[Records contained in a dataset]

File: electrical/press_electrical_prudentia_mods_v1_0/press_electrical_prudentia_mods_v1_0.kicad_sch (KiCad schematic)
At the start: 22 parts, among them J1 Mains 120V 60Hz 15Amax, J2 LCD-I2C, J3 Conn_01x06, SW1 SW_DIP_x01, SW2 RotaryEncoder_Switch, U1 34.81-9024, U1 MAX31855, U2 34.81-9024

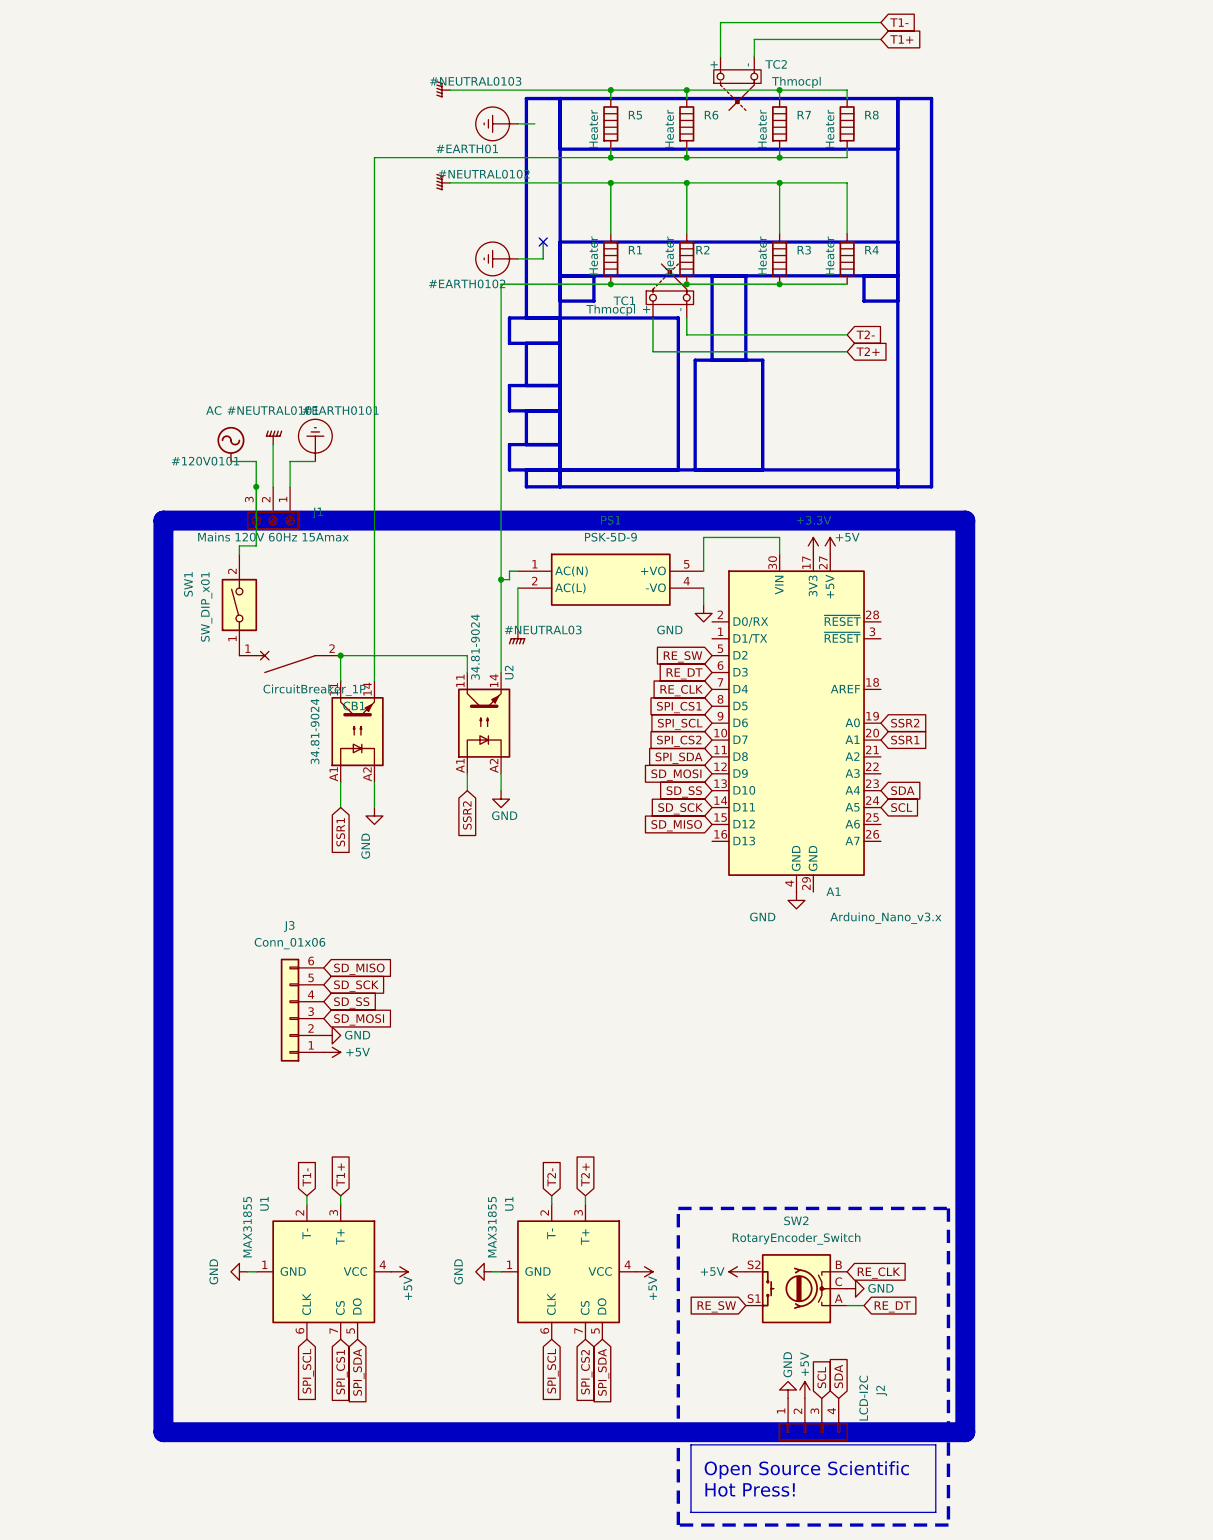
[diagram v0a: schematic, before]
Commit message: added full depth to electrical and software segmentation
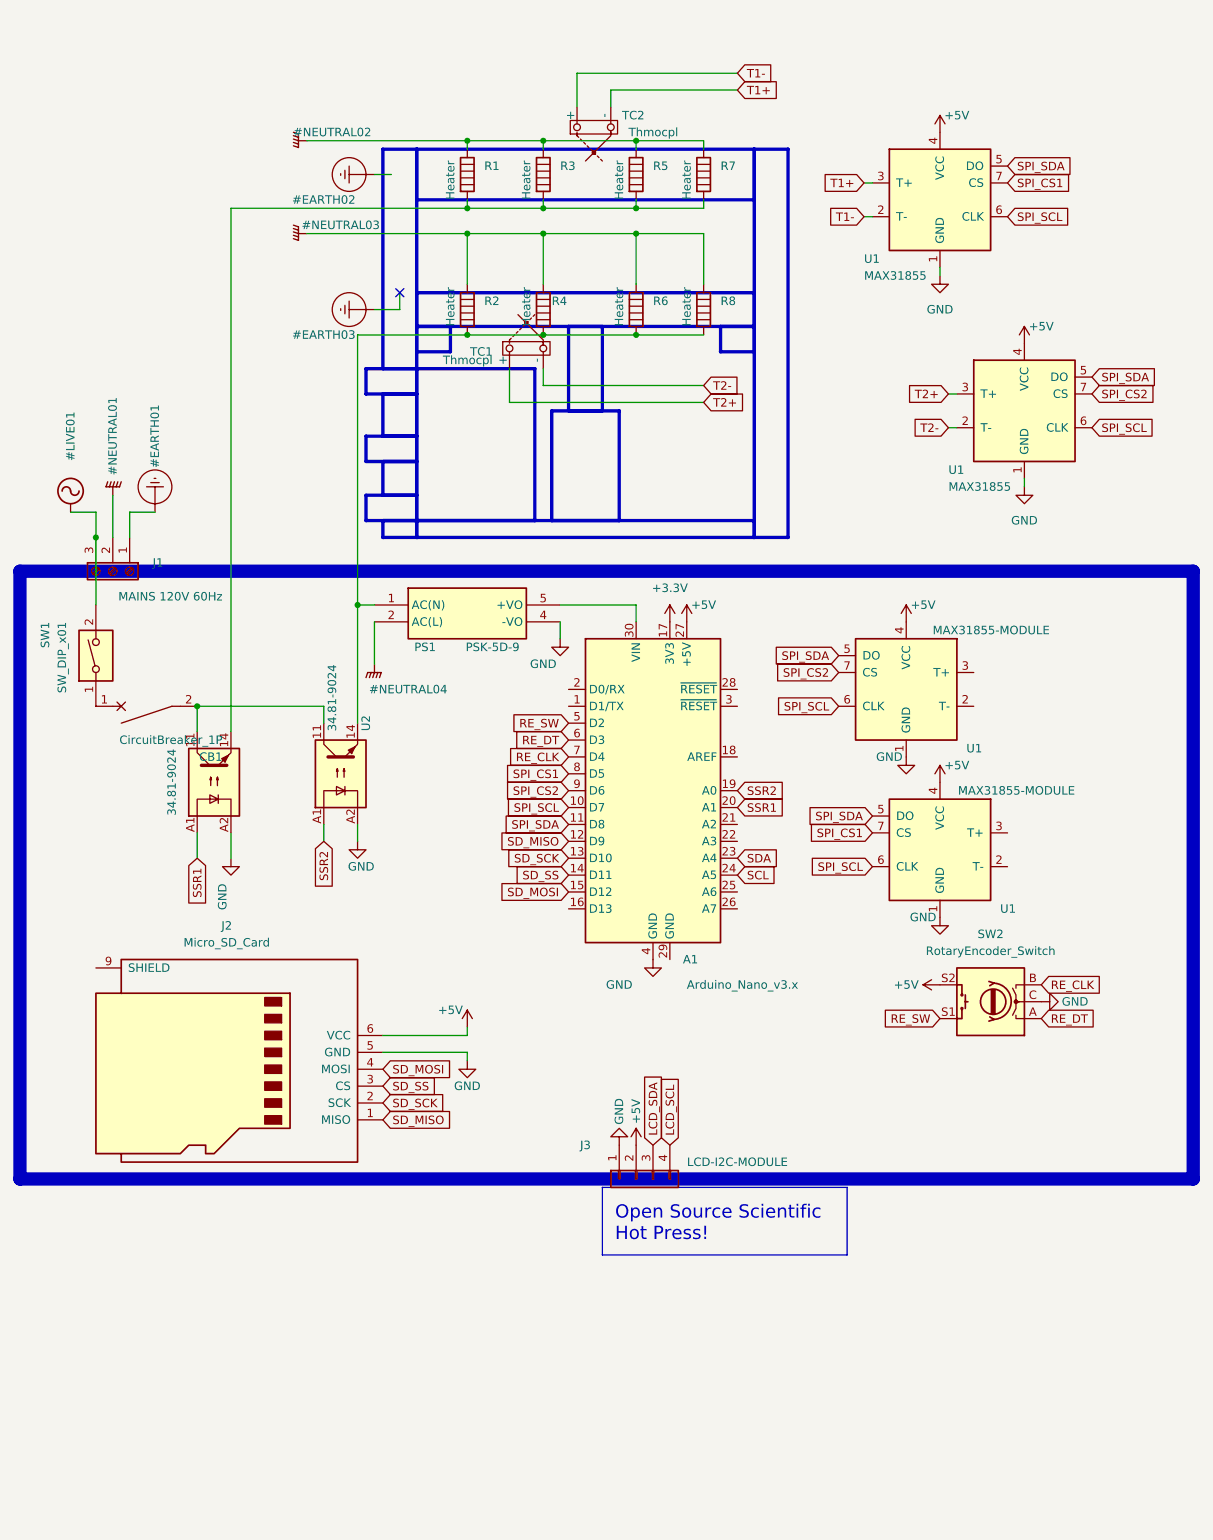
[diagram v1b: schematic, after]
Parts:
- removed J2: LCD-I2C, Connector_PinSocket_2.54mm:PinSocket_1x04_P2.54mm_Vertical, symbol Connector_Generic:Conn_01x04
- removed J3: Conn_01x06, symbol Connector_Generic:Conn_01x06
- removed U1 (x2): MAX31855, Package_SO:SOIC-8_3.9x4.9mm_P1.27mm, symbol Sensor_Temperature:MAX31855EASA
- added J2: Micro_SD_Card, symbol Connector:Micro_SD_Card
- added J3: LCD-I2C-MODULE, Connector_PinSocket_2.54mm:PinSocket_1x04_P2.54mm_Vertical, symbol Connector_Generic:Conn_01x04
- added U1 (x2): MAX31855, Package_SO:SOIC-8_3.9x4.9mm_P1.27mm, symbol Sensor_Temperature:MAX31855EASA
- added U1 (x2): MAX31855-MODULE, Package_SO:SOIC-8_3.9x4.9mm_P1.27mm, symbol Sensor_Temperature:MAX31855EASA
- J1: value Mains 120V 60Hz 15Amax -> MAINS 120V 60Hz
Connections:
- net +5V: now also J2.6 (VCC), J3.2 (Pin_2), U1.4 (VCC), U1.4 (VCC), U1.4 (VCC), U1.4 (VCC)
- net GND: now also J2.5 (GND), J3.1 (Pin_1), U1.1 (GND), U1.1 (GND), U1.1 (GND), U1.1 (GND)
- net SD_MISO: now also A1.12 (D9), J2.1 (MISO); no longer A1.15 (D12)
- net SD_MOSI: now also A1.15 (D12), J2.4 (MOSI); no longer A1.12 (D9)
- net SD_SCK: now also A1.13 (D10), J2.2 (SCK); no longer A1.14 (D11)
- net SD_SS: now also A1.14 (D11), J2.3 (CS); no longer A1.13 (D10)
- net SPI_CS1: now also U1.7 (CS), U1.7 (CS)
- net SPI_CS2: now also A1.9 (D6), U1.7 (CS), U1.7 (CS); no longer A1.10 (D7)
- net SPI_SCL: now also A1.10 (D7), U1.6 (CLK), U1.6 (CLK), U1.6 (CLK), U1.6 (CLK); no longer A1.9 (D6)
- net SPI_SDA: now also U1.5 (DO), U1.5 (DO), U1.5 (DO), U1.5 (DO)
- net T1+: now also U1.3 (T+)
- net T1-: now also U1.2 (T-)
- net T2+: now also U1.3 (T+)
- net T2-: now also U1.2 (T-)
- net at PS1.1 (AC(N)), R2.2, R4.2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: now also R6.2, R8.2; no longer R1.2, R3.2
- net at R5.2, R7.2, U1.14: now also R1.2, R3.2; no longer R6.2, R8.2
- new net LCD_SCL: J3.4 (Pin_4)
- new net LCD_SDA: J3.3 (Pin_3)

_What you will do_
Among the lines above, find those with the string "Mains" and copy them.

_Finished exercise_
At the start: 22 parts, among them J1 Mains 120V 60Hz 15Amax, J2 LCD-I2C, J3 Conn_01x06, SW1 SW_DIP_x01, SW2 RotaryEncoder_Switch, U1 34.81-9024, U1 MAX31855, U2 34.81-9024
- J1: value Mains 120V 60Hz 15Amax -> MAINS 120V 60Hz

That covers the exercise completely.